## Work to complete
Your answer must be the lines of the material below, exactly as written, from its first line through the line with "#6484 = EDGE_CURVE", and no pictures.

## Material supplied
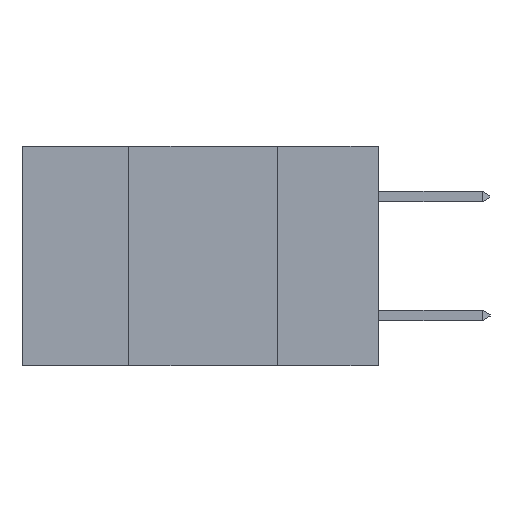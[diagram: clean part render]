
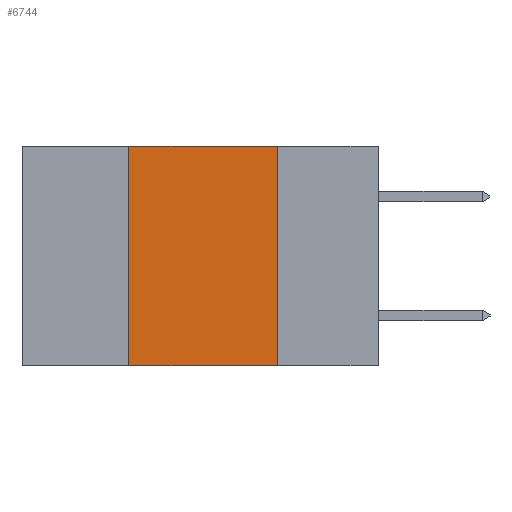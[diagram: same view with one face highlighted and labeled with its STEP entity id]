
A CAD part, left-side view. The second image highlights one B-rep face of the part: STEP entity #6744.
In plain terms, the highlighted planar face has unit normal (-1, 0, 0).
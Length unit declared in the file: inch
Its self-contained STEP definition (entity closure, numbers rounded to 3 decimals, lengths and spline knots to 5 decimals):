
#1080 = EDGE_LOOP ( 'NONE', ( #16471, #5968, #16943, #7786 ) ) ;
#1259 = VERTEX_POINT ( 'NONE', #9076 ) ;
#2033 = VECTOR ( 'NONE', #11052, 39.37008 ) ;
#2097 = VERTEX_POINT ( 'NONE', #18645 ) ;
#4067 = VERTEX_POINT ( 'NONE', #17515 ) ;
#4369 = CARTESIAN_POINT ( 'NONE',  ( 0., 0.6, -0.37 ) ) ;
#4642 = PLANE ( 'NONE',  #17692 ) ;
#4816 = CARTESIAN_POINT ( 'NONE',  ( 0., 0.42, 0. ) ) ;
#5235 = VECTOR ( 'NONE', #6069, 39.37008 ) ;
#5297 = FACE_OUTER_BOUND ( 'NONE', #1080, .T. ) ;
#5775 = LINE ( 'NONE', #4369, #5235 ) ;
#5968 = ORIENTED_EDGE ( 'NONE', *, *, #6484, .F. ) ;
#6069 = DIRECTION ( 'NONE',  ( 0., -1., 0. ) ) ;
#6484 = EDGE_CURVE ( 'NONE', #22376, #2097, #22396, .T. ) ;
#6744 = ADVANCED_FACE ( 'NONE', ( #5297 ), #4642, .F. ) ;
#7272 = CARTESIAN_POINT ( 'NONE',  ( 0., 0.42, -0.37 ) ) ;
#7786 = ORIENTED_EDGE ( 'NONE', *, *, #8800, .T. ) ;
#8374 = EDGE_CURVE ( 'NONE', #1259, #22376, #18796, .T. ) ;
#8800 = EDGE_CURVE ( 'NONE', #1259, #4067, #5775, .T. ) ;
#9076 = CARTESIAN_POINT ( 'NONE',  ( 0., 0.42, -0.37 ) ) ;
#9968 = DIRECTION ( 'NONE',  ( 1., 0., 0. ) ) ;
#10836 = DIRECTION ( 'NONE',  ( 0., 0., 1. ) ) ;
#11052 = DIRECTION ( 'NONE',  ( 0., -1., 0. ) ) ;
#12352 = LINE ( 'NONE', #13141, #21150 ) ;
#13141 = CARTESIAN_POINT ( 'NONE',  ( 0., 0.17, -0.37 ) ) ;
#13564 = EDGE_CURVE ( 'NONE', #2097, #4067, #12352, .T. ) ;
#14099 = VECTOR ( 'NONE', #10836, 39.37008 ) ;
#14932 = DIRECTION ( 'NONE',  ( 0., 0., -1. ) ) ;
#16471 = ORIENTED_EDGE ( 'NONE', *, *, #13564, .F. ) ;
#16943 = ORIENTED_EDGE ( 'NONE', *, *, #8374, .F. ) ;
#17515 = CARTESIAN_POINT ( 'NONE',  ( 0., 0.17, -0.37 ) ) ;
#17692 = AXIS2_PLACEMENT_3D ( 'NONE', #20530, #9968, #22273 ) ;
#18645 = CARTESIAN_POINT ( 'NONE',  ( 0., 0.17, 0. ) ) ;
#18796 = LINE ( 'NONE', #7272, #14099 ) ;
#19836 = CARTESIAN_POINT ( 'NONE',  ( 0., 0.6, 0. ) ) ;
#20530 = CARTESIAN_POINT ( 'NONE',  ( 0., 0.6, 0. ) ) ;
#21150 = VECTOR ( 'NONE', #14932, 39.37008 ) ;
#22273 = DIRECTION ( 'NONE',  ( 0., 0., -1. ) ) ;
#22376 = VERTEX_POINT ( 'NONE', #4816 ) ;
#22396 = LINE ( 'NONE', #19836, #2033 ) ;
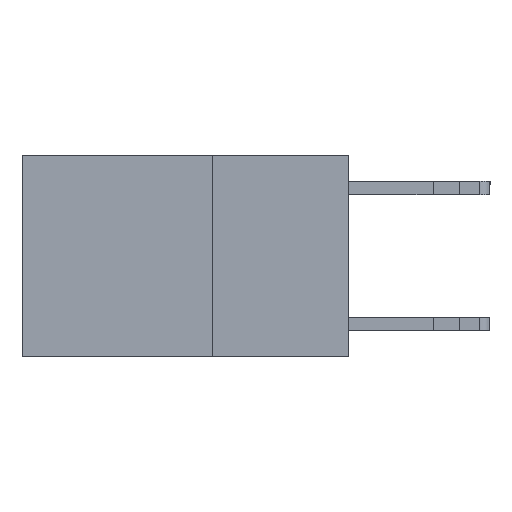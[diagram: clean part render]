
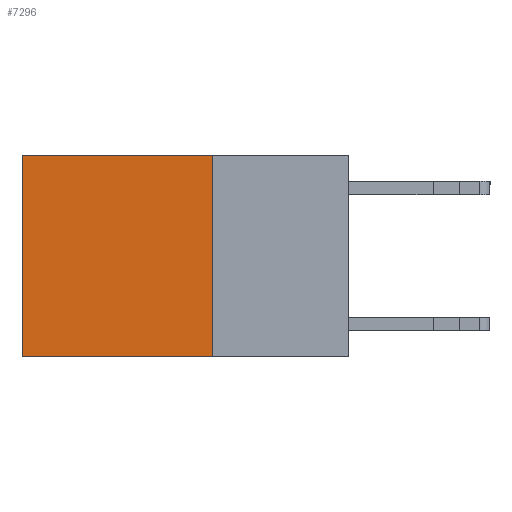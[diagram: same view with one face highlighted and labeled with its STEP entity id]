
A CAD part, left-side view. The second image highlights one B-rep face of the part: STEP entity #7296.
In plain terms, the highlighted planar face has unit normal (-1, 0, 0).
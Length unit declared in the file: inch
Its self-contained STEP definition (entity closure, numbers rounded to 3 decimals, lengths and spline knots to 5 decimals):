
#862 = CARTESIAN_POINT ( 'NONE',  ( 0.2625, 0.25, 0. ) ) ;
#864 = CARTESIAN_POINT ( 'NONE',  ( 0.2625, 0.25, -0.37 ) ) ;
#1272 = ORIENTED_EDGE ( 'NONE', *, *, #18580, .T. ) ;
#2389 = VERTEX_POINT ( 'NONE', #6265 ) ;
#2958 = ORIENTED_EDGE ( 'NONE', *, *, #18212, .F. ) ;
#3272 = LINE ( 'NONE', #6703, #18097 ) ;
#3487 = CARTESIAN_POINT ( 'NONE',  ( 0.2625, 0.6, 0. ) ) ;
#4371 = PLANE ( 'NONE',  #17170 ) ;
#4784 = VECTOR ( 'NONE', #6510, 39.37008 ) ;
#5163 = VECTOR ( 'NONE', #9411, 39.37008 ) ;
#5563 = ORIENTED_EDGE ( 'NONE', *, *, #19187, .F. ) ;
#6265 = CARTESIAN_POINT ( 'NONE',  ( 0.2625, 0.25, 0. ) ) ;
#6510 = DIRECTION ( 'NONE',  ( 0., 0., -1. ) ) ;
#6554 = EDGE_CURVE ( 'NONE', #11921, #9966, #9686, .T. ) ;
#6703 = CARTESIAN_POINT ( 'NONE',  ( 0.2625, 0.25, 0. ) ) ;
#6794 = ORIENTED_EDGE ( 'NONE', *, *, #6554, .T. ) ;
#7296 = ADVANCED_FACE ( 'NONE', ( #19369 ), #4371, .F. ) ;
#8048 = CARTESIAN_POINT ( 'NONE',  ( 0.2625, 0.6, 0. ) ) ;
#9096 = LINE ( 'NONE', #862, #5163 ) ;
#9411 = DIRECTION ( 'NONE',  ( 0., 1., 0. ) ) ;
#9686 = LINE ( 'NONE', #8048, #4784 ) ;
#9966 = VERTEX_POINT ( 'NONE', #15582 ) ;
#11059 = CARTESIAN_POINT ( 'NONE',  ( 0.2625, 0.25, 0. ) ) ;
#11464 = CARTESIAN_POINT ( 'NONE',  ( 0.2625, 0.25, -0.37 ) ) ;
#11921 = VERTEX_POINT ( 'NONE', #3487 ) ;
#13046 = DIRECTION ( 'NONE',  ( 0., 0., -1. ) ) ;
#13930 = DIRECTION ( 'NONE',  ( 0., 0., -1. ) ) ;
#15582 = CARTESIAN_POINT ( 'NONE',  ( 0.2625, 0.6, -0.37 ) ) ;
#16331 = VECTOR ( 'NONE', #19557, 39.37008 ) ;
#17170 = AXIS2_PLACEMENT_3D ( 'NONE', #11059, #17742, #13930 ) ;
#17742 = DIRECTION ( 'NONE',  ( 1., 0., 0. ) ) ;
#18097 = VECTOR ( 'NONE', #13046, 39.37008 ) ;
#18212 = EDGE_CURVE ( 'NONE', #2389, #20026, #3272, .T. ) ;
#18580 = EDGE_CURVE ( 'NONE', #2389, #11921, #9096, .T. ) ;
#19187 = EDGE_CURVE ( 'NONE', #20026, #9966, #21314, .T. ) ;
#19369 = FACE_OUTER_BOUND ( 'NONE', #20066, .T. ) ;
#19557 = DIRECTION ( 'NONE',  ( 0., 1., 0. ) ) ;
#20026 = VERTEX_POINT ( 'NONE', #864 ) ;
#20066 = EDGE_LOOP ( 'NONE', ( #6794, #5563, #2958, #1272 ) ) ;
#21314 = LINE ( 'NONE', #11464, #16331 ) ;
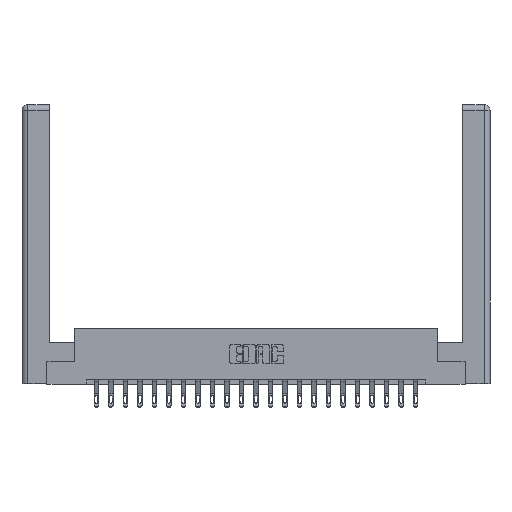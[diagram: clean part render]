
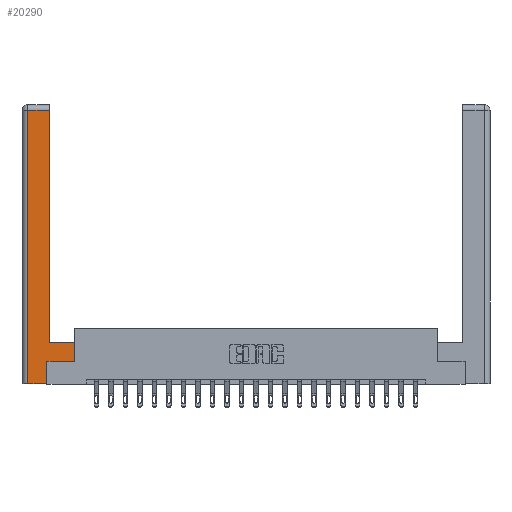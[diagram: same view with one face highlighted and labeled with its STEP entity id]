
A CAD part, top view. The second image highlights one B-rep face of the part: STEP entity #20290.
In plain terms, the highlighted planar face has unit normal (0, 0, 1).
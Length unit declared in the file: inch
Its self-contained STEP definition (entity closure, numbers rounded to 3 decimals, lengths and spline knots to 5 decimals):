
#14 = VECTOR ( 'NONE', #5981, 39.37008 ) ;
#222 = VERTEX_POINT ( 'NONE', #857 ) ;
#857 = CARTESIAN_POINT ( 'NONE',  ( 0.295, 0.45, 0. ) ) ;
#1056 = VECTOR ( 'NONE', #14544, 39.37008 ) ;
#2237 = VERTEX_POINT ( 'NONE', #7517 ) ;
#2306 = CARTESIAN_POINT ( 'NONE',  ( 0.565, 0.45, 0. ) ) ;
#2402 = DIRECTION ( 'NONE',  ( 0., -1., 0. ) ) ;
#2534 = ORIENTED_EDGE ( 'NONE', *, *, #11250, .T. ) ;
#2802 = VERTEX_POINT ( 'NONE', #5998 ) ;
#3613 = VERTEX_POINT ( 'NONE', #19200 ) ;
#4110 = CARTESIAN_POINT ( 'NONE',  ( 0.295, 3., 0. ) ) ;
#5535 = DIRECTION ( 'NONE',  ( -1., 0., 0. ) ) ;
#5817 = LINE ( 'NONE', #8155, #23254 ) ;
#5877 = EDGE_CURVE ( 'NONE', #23260, #3613, #5817, .T. ) ;
#5981 = DIRECTION ( 'NONE',  ( 0., 1., 0. ) ) ;
#5998 = CARTESIAN_POINT ( 'NONE',  ( 0.265, 0., 0. ) ) ;
#6202 = CARTESIAN_POINT ( 'NONE',  ( 0.0615, 0., 0. ) ) ;
#6654 = ORIENTED_EDGE ( 'NONE', *, *, #21884, .T. ) ;
#6673 = VECTOR ( 'NONE', #19910, 39.37008 ) ;
#6701 = ORIENTED_EDGE ( 'NONE', *, *, #14049, .T. ) ;
#6979 = ORIENTED_EDGE ( 'NONE', *, *, #11092, .T. ) ;
#7167 = LINE ( 'NONE', #6202, #20391 ) ;
#7229 = VECTOR ( 'NONE', #21493, 39.37008 ) ;
#7517 = CARTESIAN_POINT ( 'NONE',  ( 0.265, 0.245, 0. ) ) ;
#8155 = CARTESIAN_POINT ( 'NONE',  ( 0.0615, 2.94, 0. ) ) ;
#8507 = ORIENTED_EDGE ( 'NONE', *, *, #17437, .T. ) ;
#9135 = CARTESIAN_POINT ( 'NONE',  ( 0., 0., 0. ) ) ;
#10084 = EDGE_CURVE ( 'NONE', #2237, #20203, #21957, .T. ) ;
#10647 = EDGE_LOOP ( 'NONE', ( #22603, #11853, #6701, #8507, #6654, #10912, #2534, #6979 ) ) ;
#10912 = ORIENTED_EDGE ( 'NONE', *, *, #10084, .T. ) ;
#11040 = CARTESIAN_POINT ( 'NONE',  ( 0.265, 0., 0. ) ) ;
#11092 = EDGE_CURVE ( 'NONE', #21480, #222, #21359, .T. ) ;
#11250 = EDGE_CURVE ( 'NONE', #20203, #21480, #21608, .T. ) ;
#11262 = LINE ( 'NONE', #4110, #14 ) ;
#11853 = ORIENTED_EDGE ( 'NONE', *, *, #5877, .T. ) ;
#11987 = LINE ( 'NONE', #14081, #7229 ) ;
#12195 = VERTEX_POINT ( 'NONE', #14962 ) ;
#12352 = CARTESIAN_POINT ( 'NONE',  ( 0.565, 0.245, 0. ) ) ;
#12666 = PLANE ( 'NONE',  #23219 ) ;
#12723 = VECTOR ( 'NONE', #19813, 39.37008 ) ;
#13759 = VECTOR ( 'NONE', #15751, 39.37008 ) ;
#14049 = EDGE_CURVE ( 'NONE', #3613, #12195, #7167, .T. ) ;
#14081 = CARTESIAN_POINT ( 'NONE',  ( 0.265, 0.245, 0. ) ) ;
#14109 = CARTESIAN_POINT ( 'NONE',  ( 0.565, 0.245, 0. ) ) ;
#14352 = FACE_OUTER_BOUND ( 'NONE', #10647, .T. ) ;
#14544 = DIRECTION ( 'NONE',  ( 0., 1., 0. ) ) ;
#14962 = CARTESIAN_POINT ( 'NONE',  ( 0.0615, 0., 0. ) ) ;
#15751 = DIRECTION ( 'NONE',  ( 1., 0., 0. ) ) ;
#16306 = DIRECTION ( 'NONE',  ( 0., 0., -1. ) ) ;
#17437 = EDGE_CURVE ( 'NONE', #12195, #2802, #17535, .T. ) ;
#17535 = LINE ( 'NONE', #11040, #12723 ) ;
#18221 = EDGE_CURVE ( 'NONE', #222, #23260, #11262, .T. ) ;
#19200 = CARTESIAN_POINT ( 'NONE',  ( 0.0615, 2.94, 0. ) ) ;
#19813 = DIRECTION ( 'NONE',  ( 1., 0., 0. ) ) ;
#19910 = DIRECTION ( 'NONE',  ( -1., 0., 0. ) ) ;
#19917 = CARTESIAN_POINT ( 'NONE',  ( 0.565, 0.45, 0. ) ) ;
#19983 = CARTESIAN_POINT ( 'NONE',  ( 0.295, 0.45, 0. ) ) ;
#20203 = VERTEX_POINT ( 'NONE', #14109 ) ;
#20290 = ADVANCED_FACE ( 'NONE', ( #14352 ), #12666, .F. ) ;
#20391 = VECTOR ( 'NONE', #2402, 39.37008 ) ;
#20614 = DIRECTION ( 'NONE',  ( -1., 0., 0. ) ) ;
#21359 = LINE ( 'NONE', #19983, #6673 ) ;
#21480 = VERTEX_POINT ( 'NONE', #2306 ) ;
#21493 = DIRECTION ( 'NONE',  ( 0., 1., 0. ) ) ;
#21608 = LINE ( 'NONE', #19917, #1056 ) ;
#21884 = EDGE_CURVE ( 'NONE', #2802, #2237, #11987, .T. ) ;
#21957 = LINE ( 'NONE', #12352, #13759 ) ;
#22603 = ORIENTED_EDGE ( 'NONE', *, *, #18221, .T. ) ;
#23007 = CARTESIAN_POINT ( 'NONE',  ( 0.295, 2.94, 0. ) ) ;
#23219 = AXIS2_PLACEMENT_3D ( 'NONE', #9135, #16306, #5535 ) ;
#23254 = VECTOR ( 'NONE', #20614, 39.37008 ) ;
#23260 = VERTEX_POINT ( 'NONE', #23007 ) ;
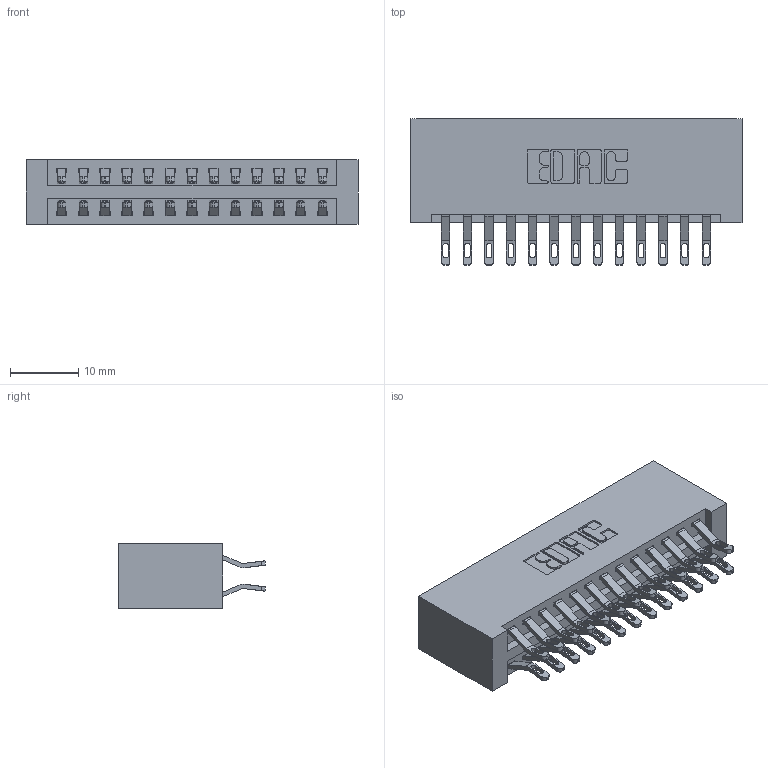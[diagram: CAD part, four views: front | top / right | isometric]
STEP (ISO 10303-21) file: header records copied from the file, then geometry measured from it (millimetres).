
FILE_DESCRIPTION (( 'STEP AP203' ), '1' );
FILE_NAME ('346-026-555-201.STEP', '2018-08-21T22:57:34', ( '' ), ( '' ), 'SwSTEP 2.0', 'SolidWorks 2016', '' );
FILE_SCHEMA (( 'CONFIG_CONTROL_DESIGN' ));
Length unit declared in the file: inch
Products named in the file (3): 346 Part_No Mounting Lugs; 345-292-001_555 Tail; 346-026-555-201
Assembly tree (27 placements, depth 2):
  346-026-555-201
    346 Part_No Mounting Lugs
    345-292-001_555 Tail  x26
Bounding box: 48.51 x 21.46 x 9.4 mm (x, y, z)
Volume: 5154.2 mm3; surface area: 7061 mm2
Topology: 27 solids, 27 shells, 1622 faces, 5063 edges, 3374 vertices
Faces by surface type: plane 930, cylinder 692
Entity records: 12437 total; most frequent: CARTESIAN_POINT 2122, ORIENTED_EDGE 2026, DIRECTION 1885, EDGE_CURVE 1013, LINE 817, VECTOR 817, VERTEX_POINT 674, AXIS2_PLACEMENT_3D 534

## Result for this task
[diagram: clean part render]
[diagram: same view with one face highlighted and labeled with its STEP entity id]
A CAD part, left-side view. The second image highlights one B-rep face of the part: STEP entity #6744.
In plain terms, the highlighted planar face has unit normal (-1, 0, 0).
Length unit declared in the file: inch
Its self-contained STEP definition (entity closure, numbers rounded to 3 decimals, lengths and spline knots to 5 decimals):
#1080 = EDGE_LOOP ( 'NONE', ( #16471, #5968, #16943, #7786 ) ) ;
#1259 = VERTEX_POINT ( 'NONE', #9076 ) ;
#2033 = VECTOR ( 'NONE', #11052, 39.37008 ) ;
#2097 = VERTEX_POINT ( 'NONE', #18645 ) ;
#4067 = VERTEX_POINT ( 'NONE', #17515 ) ;
#4369 = CARTESIAN_POINT ( 'NONE',  ( 0., 0.6, -0.37 ) ) ;
#4642 = PLANE ( 'NONE',  #17692 ) ;
#4816 = CARTESIAN_POINT ( 'NONE',  ( 0., 0.42, 0. ) ) ;
#5235 = VECTOR ( 'NONE', #6069, 39.37008 ) ;
#5297 = FACE_OUTER_BOUND ( 'NONE', #1080, .T. ) ;
#5775 = LINE ( 'NONE', #4369, #5235 ) ;
#5968 = ORIENTED_EDGE ( 'NONE', *, *, #6484, .F. ) ;
#6069 = DIRECTION ( 'NONE',  ( 0., -1., 0. ) ) ;
#6484 = EDGE_CURVE ( 'NONE', #22376, #2097, #22396, .T. ) ;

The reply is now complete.